Items from a data source:
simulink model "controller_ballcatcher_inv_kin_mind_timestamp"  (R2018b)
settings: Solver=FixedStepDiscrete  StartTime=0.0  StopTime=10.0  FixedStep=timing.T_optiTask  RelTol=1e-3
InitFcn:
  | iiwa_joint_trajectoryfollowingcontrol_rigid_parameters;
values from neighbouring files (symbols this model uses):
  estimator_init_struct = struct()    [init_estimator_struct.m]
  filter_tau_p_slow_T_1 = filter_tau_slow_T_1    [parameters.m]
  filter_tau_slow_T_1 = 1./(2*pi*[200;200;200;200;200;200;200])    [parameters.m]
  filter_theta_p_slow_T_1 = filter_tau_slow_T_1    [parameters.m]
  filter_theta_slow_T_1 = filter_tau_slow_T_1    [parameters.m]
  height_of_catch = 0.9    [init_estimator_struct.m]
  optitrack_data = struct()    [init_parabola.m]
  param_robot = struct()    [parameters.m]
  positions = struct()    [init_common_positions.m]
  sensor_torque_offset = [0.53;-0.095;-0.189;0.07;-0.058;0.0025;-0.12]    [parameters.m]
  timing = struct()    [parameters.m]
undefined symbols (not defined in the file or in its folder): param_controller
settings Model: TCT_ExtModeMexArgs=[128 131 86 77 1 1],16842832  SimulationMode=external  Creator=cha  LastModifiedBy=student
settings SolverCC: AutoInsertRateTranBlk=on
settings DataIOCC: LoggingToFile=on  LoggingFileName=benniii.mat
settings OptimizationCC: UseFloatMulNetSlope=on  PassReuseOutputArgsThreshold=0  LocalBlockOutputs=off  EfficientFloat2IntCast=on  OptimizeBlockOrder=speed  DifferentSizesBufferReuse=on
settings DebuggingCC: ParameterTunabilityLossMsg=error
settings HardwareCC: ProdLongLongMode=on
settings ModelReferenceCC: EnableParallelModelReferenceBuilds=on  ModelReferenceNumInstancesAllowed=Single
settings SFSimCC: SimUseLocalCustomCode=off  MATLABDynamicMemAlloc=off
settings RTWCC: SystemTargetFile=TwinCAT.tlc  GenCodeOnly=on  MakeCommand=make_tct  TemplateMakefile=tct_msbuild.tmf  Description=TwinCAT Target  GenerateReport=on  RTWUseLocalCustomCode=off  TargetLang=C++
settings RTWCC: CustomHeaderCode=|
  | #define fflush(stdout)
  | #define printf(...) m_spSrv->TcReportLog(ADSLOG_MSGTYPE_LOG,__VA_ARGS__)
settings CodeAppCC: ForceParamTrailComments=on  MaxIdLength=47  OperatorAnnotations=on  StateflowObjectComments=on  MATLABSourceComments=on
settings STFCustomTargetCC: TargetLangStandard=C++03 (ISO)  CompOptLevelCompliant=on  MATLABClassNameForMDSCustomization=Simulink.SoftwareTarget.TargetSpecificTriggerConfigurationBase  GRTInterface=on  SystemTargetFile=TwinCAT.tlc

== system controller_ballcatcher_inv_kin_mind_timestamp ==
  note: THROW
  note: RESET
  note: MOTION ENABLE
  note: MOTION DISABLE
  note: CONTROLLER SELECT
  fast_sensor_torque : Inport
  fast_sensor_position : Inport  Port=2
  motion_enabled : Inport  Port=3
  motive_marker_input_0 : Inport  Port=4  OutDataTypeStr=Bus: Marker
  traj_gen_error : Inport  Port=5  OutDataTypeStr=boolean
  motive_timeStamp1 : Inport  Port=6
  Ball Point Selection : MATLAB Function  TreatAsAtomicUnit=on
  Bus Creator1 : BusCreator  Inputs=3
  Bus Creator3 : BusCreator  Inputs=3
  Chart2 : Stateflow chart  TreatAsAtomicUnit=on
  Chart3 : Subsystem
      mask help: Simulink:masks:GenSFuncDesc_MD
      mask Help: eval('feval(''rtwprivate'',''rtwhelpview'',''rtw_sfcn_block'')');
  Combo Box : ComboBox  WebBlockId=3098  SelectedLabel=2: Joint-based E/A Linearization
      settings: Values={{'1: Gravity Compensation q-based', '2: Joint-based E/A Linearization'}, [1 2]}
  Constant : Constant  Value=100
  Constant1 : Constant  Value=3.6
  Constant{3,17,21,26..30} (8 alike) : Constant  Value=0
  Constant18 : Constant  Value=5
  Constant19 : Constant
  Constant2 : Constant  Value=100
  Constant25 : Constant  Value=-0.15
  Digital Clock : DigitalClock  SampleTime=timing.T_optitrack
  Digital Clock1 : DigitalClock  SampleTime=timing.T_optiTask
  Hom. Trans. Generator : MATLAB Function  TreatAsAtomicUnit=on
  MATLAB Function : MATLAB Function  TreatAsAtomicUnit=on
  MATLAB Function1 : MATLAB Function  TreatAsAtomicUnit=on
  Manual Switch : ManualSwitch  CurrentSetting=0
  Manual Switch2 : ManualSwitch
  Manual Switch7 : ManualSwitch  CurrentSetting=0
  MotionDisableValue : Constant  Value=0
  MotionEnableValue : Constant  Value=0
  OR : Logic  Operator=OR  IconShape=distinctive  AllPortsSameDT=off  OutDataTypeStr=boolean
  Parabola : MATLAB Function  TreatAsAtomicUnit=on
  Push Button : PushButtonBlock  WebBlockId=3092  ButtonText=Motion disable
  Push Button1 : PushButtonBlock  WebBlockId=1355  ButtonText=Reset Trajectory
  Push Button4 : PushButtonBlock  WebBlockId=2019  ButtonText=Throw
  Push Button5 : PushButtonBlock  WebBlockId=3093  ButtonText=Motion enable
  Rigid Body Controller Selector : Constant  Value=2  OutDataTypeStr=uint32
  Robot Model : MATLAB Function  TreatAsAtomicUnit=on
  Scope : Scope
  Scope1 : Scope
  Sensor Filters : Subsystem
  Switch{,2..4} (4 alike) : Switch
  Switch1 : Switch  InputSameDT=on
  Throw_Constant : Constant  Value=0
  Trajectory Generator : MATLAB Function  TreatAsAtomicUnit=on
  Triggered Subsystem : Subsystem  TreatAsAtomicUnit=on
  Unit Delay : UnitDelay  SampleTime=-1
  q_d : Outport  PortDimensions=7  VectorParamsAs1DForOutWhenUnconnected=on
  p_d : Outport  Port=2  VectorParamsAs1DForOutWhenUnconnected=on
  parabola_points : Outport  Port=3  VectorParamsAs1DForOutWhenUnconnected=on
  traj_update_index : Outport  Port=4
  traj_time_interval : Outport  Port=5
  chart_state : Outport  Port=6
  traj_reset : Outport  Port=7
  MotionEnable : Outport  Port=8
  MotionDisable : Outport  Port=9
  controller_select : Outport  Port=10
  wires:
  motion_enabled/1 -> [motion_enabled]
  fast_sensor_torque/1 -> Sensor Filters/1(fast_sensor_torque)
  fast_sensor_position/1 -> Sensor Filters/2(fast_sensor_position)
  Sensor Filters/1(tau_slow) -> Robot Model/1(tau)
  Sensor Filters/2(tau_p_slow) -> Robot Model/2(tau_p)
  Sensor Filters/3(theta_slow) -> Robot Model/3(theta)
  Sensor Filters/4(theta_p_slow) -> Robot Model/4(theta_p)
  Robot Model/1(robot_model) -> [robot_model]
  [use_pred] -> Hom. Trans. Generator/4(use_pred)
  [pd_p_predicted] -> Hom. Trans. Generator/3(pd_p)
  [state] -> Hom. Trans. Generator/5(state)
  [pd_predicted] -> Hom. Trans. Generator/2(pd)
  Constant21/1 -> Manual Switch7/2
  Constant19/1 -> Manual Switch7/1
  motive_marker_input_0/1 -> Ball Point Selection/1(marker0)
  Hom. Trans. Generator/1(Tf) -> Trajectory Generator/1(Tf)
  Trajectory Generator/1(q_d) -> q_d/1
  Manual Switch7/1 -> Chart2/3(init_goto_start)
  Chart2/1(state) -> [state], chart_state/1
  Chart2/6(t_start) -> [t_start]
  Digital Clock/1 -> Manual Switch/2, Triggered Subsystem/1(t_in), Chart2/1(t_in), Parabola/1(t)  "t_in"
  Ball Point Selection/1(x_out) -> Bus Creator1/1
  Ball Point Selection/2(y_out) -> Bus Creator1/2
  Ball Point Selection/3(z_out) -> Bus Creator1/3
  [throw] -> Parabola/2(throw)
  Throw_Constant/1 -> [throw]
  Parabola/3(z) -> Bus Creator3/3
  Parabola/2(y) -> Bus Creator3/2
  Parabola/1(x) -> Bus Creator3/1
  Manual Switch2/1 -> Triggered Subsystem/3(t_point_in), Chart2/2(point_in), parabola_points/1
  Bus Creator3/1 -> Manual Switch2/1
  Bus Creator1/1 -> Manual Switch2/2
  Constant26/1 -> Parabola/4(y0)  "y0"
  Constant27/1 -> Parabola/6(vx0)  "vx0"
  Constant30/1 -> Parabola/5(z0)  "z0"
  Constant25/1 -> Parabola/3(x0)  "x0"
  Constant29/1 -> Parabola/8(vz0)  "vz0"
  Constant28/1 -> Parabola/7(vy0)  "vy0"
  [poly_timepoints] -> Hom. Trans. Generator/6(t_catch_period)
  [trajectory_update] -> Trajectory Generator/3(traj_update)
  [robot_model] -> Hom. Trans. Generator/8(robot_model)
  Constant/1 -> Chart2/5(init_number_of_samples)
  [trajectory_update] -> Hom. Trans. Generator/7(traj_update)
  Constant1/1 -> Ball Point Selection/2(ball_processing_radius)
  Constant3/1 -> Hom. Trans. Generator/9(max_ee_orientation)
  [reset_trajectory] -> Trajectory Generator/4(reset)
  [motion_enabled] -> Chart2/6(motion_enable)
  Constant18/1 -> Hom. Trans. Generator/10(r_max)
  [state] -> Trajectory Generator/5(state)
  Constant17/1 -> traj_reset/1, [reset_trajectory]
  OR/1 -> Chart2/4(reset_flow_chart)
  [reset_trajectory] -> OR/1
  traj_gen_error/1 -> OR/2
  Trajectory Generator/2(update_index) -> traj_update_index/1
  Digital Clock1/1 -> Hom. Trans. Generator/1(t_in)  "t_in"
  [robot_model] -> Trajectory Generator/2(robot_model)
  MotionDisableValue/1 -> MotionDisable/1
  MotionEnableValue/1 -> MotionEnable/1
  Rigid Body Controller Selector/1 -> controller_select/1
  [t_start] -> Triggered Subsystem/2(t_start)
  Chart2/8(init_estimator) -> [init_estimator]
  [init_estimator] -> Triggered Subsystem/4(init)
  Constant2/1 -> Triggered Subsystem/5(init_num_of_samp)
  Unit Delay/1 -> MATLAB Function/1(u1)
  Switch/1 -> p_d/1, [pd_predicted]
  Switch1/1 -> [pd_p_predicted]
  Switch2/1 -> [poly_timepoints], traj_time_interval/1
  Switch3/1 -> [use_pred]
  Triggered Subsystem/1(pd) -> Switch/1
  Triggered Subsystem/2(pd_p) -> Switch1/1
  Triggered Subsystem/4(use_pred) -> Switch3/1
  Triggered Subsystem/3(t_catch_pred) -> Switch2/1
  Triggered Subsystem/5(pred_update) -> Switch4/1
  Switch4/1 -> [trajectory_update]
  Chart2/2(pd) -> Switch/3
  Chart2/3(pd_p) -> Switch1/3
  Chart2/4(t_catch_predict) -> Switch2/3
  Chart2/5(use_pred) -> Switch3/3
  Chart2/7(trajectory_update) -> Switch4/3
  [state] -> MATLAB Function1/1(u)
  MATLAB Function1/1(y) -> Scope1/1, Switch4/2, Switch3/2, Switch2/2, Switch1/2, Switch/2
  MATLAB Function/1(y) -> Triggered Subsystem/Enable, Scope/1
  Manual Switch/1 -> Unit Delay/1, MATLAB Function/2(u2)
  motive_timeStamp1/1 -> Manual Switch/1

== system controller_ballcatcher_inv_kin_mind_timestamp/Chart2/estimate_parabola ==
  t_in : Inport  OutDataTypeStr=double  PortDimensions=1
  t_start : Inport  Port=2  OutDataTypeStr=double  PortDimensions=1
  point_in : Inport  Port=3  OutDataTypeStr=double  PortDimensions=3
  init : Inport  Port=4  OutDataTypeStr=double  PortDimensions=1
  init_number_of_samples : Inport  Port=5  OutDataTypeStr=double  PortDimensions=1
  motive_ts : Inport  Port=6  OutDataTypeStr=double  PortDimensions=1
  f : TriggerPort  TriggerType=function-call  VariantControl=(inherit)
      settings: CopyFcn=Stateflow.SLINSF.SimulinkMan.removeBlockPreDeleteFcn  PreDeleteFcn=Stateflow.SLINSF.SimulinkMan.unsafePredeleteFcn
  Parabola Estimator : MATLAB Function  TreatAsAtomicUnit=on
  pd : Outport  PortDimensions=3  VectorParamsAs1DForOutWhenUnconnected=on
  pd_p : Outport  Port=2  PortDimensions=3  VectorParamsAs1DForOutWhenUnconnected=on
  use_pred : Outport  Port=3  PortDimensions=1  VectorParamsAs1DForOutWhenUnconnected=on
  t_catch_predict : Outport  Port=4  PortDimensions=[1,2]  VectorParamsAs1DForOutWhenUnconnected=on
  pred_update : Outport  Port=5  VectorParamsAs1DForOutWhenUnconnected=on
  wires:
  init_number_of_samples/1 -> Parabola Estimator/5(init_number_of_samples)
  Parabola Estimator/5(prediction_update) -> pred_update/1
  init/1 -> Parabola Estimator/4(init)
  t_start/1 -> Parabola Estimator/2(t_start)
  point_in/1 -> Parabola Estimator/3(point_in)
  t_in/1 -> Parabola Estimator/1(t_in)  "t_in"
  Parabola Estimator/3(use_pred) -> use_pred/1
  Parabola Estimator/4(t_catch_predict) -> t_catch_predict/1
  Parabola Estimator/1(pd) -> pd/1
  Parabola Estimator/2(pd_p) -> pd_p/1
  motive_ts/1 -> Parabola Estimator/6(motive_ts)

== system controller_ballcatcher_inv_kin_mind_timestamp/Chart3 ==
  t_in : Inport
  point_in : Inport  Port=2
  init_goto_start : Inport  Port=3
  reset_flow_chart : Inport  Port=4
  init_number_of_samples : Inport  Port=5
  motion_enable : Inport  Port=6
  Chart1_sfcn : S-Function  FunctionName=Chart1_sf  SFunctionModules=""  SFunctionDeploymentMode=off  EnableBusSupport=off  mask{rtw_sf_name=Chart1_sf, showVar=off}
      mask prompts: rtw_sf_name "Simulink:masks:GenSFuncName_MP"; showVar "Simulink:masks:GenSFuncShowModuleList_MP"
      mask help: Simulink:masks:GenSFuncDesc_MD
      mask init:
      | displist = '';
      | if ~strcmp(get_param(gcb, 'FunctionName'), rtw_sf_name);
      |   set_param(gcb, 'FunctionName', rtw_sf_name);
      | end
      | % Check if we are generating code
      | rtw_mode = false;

● **Required work**: Collect every line with the string "CurrentSetting" from the records, and copy each.

● **Response below**:
  Manual Switch : ManualSwitch  CurrentSetting=0
  Manual Switch7 : ManualSwitch  CurrentSetting=0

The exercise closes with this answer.